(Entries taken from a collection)
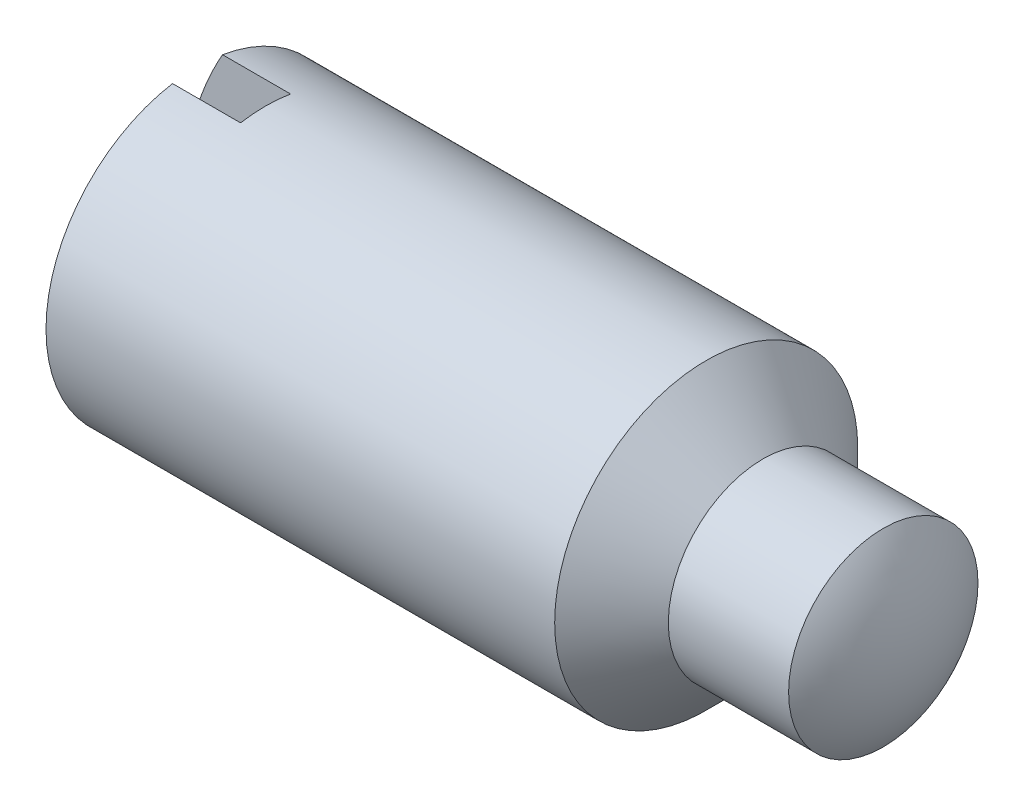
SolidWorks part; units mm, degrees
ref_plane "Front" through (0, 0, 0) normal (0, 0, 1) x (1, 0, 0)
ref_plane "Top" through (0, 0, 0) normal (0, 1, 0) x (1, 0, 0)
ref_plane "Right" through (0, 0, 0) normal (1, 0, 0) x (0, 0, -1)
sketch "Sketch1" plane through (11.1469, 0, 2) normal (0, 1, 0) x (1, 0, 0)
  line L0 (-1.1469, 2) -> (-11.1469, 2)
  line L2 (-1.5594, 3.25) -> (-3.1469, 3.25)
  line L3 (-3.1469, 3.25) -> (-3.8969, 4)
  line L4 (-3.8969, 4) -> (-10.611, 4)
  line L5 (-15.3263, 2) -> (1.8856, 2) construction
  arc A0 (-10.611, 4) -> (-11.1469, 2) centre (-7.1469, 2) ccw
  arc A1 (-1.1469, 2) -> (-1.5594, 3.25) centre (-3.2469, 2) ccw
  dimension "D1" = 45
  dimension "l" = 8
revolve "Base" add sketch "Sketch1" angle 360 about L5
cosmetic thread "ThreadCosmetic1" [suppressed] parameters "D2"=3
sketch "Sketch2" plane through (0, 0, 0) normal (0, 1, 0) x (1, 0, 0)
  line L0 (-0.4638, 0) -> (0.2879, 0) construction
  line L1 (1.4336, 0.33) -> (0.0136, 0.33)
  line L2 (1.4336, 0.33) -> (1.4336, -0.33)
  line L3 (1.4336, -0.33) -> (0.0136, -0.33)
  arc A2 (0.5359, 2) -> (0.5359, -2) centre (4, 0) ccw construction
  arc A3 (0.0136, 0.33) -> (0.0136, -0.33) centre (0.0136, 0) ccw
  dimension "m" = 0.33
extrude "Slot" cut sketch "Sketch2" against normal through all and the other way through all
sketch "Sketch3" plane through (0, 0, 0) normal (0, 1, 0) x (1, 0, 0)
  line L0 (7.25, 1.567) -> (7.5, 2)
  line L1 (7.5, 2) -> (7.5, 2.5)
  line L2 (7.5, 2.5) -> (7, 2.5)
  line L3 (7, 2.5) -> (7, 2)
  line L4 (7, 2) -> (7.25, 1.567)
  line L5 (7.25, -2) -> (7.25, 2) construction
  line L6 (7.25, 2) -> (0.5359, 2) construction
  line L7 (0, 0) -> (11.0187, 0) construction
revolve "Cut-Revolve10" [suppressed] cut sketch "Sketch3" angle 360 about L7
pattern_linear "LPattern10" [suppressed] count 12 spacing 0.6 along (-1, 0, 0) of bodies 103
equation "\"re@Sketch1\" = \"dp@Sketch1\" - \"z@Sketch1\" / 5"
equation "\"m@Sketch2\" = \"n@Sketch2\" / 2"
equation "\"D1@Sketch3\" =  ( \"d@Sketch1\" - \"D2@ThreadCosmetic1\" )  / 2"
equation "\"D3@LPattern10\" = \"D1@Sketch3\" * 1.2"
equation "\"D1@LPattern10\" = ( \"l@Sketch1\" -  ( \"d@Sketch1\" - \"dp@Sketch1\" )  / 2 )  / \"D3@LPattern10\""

- _HOW TO COMPLETE THIS TASK_
Every line from the first line of the entries above through the line with "way through all" must be repeated exactly, and pictures must not be.

- _RESULT OF THE EXERCISE_
SolidWorks part; units mm, degrees
ref_plane "Front" through (0, 0, 0) normal (0, 0, 1) x (1, 0, 0)
ref_plane "Top" through (0, 0, 0) normal (0, 1, 0) x (1, 0, 0)
ref_plane "Right" through (0, 0, 0) normal (1, 0, 0) x (0, 0, -1)
sketch "Sketch1" plane through (11.1469, 0, 2) normal (0, 1, 0) x (1, 0, 0)
  line L0 (-1.1469, 2) -> (-11.1469, 2)
  line L2 (-1.5594, 3.25) -> (-3.1469, 3.25)
  line L3 (-3.1469, 3.25) -> (-3.8969, 4)
  line L4 (-3.8969, 4) -> (-10.611, 4)
  line L5 (-15.3263, 2) -> (1.8856, 2) construction
  arc A0 (-10.611, 4) -> (-11.1469, 2) centre (-7.1469, 2) ccw
  arc A1 (-1.1469, 2) -> (-1.5594, 3.25) centre (-3.2469, 2) ccw
  dimension "D1" = 45
  dimension "l" = 8
revolve "Base" add sketch "Sketch1" angle 360 about L5
cosmetic thread "ThreadCosmetic1" [suppressed] parameters "D2"=3
sketch "Sketch2" plane through (0, 0, 0) normal (0, 1, 0) x (1, 0, 0)
  line L0 (-0.4638, 0) -> (0.2879, 0) construction
  line L1 (1.4336, 0.33) -> (0.0136, 0.33)
  line L2 (1.4336, 0.33) -> (1.4336, -0.33)
  line L3 (1.4336, -0.33) -> (0.0136, -0.33)
  arc A2 (0.5359, 2) -> (0.5359, -2) centre (4, 0) ccw construction
  arc A3 (0.0136, 0.33) -> (0.0136, -0.33) centre (0.0136, 0) ccw
  dimension "m" = 0.33
extrude "Slot" cut sketch "Sketch2" against normal through all and the other way through all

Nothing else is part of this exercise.